REQUIRED ACTION =
Reply solely with the number of lines, in the records underneath, that include the word "Sensors".

Data excerpts =
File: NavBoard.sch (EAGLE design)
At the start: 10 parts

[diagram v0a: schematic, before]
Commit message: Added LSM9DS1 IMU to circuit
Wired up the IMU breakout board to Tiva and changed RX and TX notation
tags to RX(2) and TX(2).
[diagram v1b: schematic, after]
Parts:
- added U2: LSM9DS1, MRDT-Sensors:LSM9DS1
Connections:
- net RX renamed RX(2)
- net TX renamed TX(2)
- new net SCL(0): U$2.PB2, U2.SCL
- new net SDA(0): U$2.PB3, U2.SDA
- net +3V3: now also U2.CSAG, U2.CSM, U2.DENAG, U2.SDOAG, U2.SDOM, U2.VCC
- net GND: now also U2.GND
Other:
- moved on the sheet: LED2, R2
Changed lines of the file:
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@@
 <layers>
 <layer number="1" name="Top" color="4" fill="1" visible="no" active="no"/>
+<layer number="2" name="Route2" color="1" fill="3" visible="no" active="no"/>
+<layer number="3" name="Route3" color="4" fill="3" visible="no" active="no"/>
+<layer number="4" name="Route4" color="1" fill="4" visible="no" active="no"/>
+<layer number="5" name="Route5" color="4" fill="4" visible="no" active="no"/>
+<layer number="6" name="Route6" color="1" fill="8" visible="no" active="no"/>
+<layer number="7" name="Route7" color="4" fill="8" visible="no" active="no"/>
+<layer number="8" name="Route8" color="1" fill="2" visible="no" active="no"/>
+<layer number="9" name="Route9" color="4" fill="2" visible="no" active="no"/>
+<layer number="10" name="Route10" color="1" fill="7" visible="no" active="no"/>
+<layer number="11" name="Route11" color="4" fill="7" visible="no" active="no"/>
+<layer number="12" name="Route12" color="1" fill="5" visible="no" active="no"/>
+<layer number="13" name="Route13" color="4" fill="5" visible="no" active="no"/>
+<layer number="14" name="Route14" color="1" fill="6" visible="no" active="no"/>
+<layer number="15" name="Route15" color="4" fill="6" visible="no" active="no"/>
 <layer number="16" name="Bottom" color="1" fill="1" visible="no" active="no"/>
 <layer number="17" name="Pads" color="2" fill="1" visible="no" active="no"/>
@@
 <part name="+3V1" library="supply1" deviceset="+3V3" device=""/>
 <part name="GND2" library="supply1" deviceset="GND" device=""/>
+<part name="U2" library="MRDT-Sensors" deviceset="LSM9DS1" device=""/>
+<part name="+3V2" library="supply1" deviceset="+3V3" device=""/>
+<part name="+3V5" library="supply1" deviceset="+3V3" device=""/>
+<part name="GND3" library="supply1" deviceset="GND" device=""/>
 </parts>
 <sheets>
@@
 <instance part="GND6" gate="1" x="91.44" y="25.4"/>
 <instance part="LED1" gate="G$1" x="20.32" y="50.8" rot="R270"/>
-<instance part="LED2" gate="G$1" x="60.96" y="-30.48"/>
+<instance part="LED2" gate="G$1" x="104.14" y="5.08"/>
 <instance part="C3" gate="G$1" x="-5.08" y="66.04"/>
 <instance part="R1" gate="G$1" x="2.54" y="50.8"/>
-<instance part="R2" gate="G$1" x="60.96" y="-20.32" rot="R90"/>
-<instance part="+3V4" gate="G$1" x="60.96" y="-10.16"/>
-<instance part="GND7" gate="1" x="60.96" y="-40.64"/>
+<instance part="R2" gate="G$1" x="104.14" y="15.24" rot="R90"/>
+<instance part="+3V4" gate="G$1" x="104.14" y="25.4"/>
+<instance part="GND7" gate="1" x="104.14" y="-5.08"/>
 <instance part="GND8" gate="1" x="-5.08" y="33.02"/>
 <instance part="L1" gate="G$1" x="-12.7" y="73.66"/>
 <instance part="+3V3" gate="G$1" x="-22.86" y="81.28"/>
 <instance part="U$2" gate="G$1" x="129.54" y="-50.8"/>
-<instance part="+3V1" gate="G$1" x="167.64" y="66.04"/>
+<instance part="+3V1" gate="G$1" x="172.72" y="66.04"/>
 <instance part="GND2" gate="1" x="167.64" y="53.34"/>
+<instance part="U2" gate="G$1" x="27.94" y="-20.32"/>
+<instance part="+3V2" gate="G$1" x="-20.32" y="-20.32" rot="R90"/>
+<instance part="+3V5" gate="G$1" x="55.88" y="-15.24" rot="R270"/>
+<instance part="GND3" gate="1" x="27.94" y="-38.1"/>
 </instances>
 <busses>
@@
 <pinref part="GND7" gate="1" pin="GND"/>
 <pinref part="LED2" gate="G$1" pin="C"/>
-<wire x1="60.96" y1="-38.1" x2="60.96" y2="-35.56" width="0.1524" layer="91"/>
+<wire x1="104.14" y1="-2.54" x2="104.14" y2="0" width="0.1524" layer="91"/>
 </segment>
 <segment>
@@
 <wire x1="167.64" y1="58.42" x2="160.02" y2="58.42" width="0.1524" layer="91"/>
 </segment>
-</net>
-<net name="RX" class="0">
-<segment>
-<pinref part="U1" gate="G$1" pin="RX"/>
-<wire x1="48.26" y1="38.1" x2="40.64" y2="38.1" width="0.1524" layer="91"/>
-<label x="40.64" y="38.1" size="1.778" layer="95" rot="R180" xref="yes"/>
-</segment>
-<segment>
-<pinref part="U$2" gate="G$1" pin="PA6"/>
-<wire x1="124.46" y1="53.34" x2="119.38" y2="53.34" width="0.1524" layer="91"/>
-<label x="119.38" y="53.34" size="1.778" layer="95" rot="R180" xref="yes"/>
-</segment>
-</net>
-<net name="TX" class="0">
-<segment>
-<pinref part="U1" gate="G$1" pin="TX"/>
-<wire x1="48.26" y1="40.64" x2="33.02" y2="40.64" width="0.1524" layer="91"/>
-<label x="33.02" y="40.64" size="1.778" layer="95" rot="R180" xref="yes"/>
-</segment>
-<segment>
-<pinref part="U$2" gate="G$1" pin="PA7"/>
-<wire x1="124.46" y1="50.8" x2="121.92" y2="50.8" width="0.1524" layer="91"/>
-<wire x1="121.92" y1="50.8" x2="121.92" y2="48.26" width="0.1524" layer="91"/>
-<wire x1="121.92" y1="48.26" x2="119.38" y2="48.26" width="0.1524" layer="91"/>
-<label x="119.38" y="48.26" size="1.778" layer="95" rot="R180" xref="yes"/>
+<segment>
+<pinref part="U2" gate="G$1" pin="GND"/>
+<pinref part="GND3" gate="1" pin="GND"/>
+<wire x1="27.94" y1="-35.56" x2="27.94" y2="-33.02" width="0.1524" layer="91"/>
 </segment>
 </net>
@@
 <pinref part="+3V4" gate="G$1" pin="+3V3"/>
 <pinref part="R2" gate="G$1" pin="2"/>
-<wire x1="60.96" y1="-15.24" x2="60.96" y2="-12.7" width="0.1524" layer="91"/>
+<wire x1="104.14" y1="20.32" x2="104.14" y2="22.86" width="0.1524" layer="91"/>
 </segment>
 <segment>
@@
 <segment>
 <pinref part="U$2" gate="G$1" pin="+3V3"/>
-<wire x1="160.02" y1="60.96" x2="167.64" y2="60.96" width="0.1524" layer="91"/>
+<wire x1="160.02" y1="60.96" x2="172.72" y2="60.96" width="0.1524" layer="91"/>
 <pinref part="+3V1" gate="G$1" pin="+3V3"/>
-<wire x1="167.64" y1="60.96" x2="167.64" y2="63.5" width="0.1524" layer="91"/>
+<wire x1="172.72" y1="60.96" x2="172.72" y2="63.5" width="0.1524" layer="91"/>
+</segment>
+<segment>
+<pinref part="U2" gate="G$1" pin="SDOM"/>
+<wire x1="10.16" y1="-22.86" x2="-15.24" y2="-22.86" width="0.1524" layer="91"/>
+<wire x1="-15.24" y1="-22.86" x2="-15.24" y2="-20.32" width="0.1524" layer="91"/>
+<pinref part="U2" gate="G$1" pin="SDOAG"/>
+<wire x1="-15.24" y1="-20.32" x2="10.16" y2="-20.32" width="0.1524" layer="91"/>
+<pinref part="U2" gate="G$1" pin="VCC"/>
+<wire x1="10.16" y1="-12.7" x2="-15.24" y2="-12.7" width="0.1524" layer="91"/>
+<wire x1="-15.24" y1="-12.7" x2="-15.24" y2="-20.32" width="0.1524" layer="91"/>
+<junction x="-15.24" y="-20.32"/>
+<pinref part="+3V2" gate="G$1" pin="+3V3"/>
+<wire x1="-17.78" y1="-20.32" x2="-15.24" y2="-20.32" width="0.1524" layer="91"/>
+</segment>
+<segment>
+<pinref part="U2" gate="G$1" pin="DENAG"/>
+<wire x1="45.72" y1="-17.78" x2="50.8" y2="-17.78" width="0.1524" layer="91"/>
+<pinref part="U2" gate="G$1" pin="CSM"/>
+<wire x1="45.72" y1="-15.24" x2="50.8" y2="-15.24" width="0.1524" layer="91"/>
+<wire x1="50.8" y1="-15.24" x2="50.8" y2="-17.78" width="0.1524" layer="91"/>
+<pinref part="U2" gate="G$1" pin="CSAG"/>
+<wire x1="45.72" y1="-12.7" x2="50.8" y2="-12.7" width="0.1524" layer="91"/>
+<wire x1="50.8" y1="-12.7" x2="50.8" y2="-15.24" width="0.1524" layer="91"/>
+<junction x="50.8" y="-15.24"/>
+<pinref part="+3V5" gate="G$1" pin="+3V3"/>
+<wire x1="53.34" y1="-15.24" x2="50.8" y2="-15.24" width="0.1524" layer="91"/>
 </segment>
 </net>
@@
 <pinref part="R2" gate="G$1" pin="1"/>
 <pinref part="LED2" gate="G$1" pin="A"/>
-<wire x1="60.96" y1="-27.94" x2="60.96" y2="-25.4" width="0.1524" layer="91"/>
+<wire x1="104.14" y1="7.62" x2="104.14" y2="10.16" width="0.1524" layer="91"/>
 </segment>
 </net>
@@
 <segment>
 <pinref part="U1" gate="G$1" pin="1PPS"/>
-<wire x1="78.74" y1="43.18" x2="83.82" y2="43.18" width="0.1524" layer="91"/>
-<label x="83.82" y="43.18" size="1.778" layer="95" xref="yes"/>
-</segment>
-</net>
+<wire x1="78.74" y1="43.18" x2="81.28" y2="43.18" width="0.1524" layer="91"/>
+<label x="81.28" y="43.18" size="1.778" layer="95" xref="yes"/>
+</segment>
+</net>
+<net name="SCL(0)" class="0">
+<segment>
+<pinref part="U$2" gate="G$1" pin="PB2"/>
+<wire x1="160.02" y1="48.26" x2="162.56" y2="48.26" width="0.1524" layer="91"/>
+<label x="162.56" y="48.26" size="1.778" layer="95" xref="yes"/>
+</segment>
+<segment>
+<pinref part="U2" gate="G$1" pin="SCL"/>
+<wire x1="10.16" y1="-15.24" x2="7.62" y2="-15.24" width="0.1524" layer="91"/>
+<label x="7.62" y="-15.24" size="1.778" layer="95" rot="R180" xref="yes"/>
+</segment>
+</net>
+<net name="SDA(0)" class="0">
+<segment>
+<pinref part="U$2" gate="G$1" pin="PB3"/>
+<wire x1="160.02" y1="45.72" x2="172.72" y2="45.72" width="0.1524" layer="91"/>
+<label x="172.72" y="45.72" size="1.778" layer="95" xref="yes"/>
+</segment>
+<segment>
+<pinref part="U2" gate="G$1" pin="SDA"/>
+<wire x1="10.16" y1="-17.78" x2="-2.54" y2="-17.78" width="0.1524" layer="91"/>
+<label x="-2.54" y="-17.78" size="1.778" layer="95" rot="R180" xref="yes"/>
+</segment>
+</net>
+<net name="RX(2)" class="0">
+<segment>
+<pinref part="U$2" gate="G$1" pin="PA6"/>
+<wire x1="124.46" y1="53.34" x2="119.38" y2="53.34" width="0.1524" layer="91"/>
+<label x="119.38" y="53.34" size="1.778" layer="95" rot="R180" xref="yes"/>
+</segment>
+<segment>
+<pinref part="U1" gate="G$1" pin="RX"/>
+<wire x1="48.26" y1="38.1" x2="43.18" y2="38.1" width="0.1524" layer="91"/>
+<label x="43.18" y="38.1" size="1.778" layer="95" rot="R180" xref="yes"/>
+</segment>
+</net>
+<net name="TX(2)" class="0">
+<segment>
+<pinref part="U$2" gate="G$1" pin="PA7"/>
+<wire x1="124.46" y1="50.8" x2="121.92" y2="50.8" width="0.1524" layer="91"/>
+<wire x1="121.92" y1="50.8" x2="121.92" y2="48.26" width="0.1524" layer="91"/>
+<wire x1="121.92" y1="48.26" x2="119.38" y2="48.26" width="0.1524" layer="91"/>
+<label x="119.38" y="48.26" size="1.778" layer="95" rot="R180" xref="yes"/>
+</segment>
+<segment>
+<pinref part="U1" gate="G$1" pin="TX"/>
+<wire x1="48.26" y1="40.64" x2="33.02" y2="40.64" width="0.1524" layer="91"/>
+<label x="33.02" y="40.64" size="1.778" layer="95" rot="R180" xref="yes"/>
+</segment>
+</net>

RESPONSE TO THE TASK =
2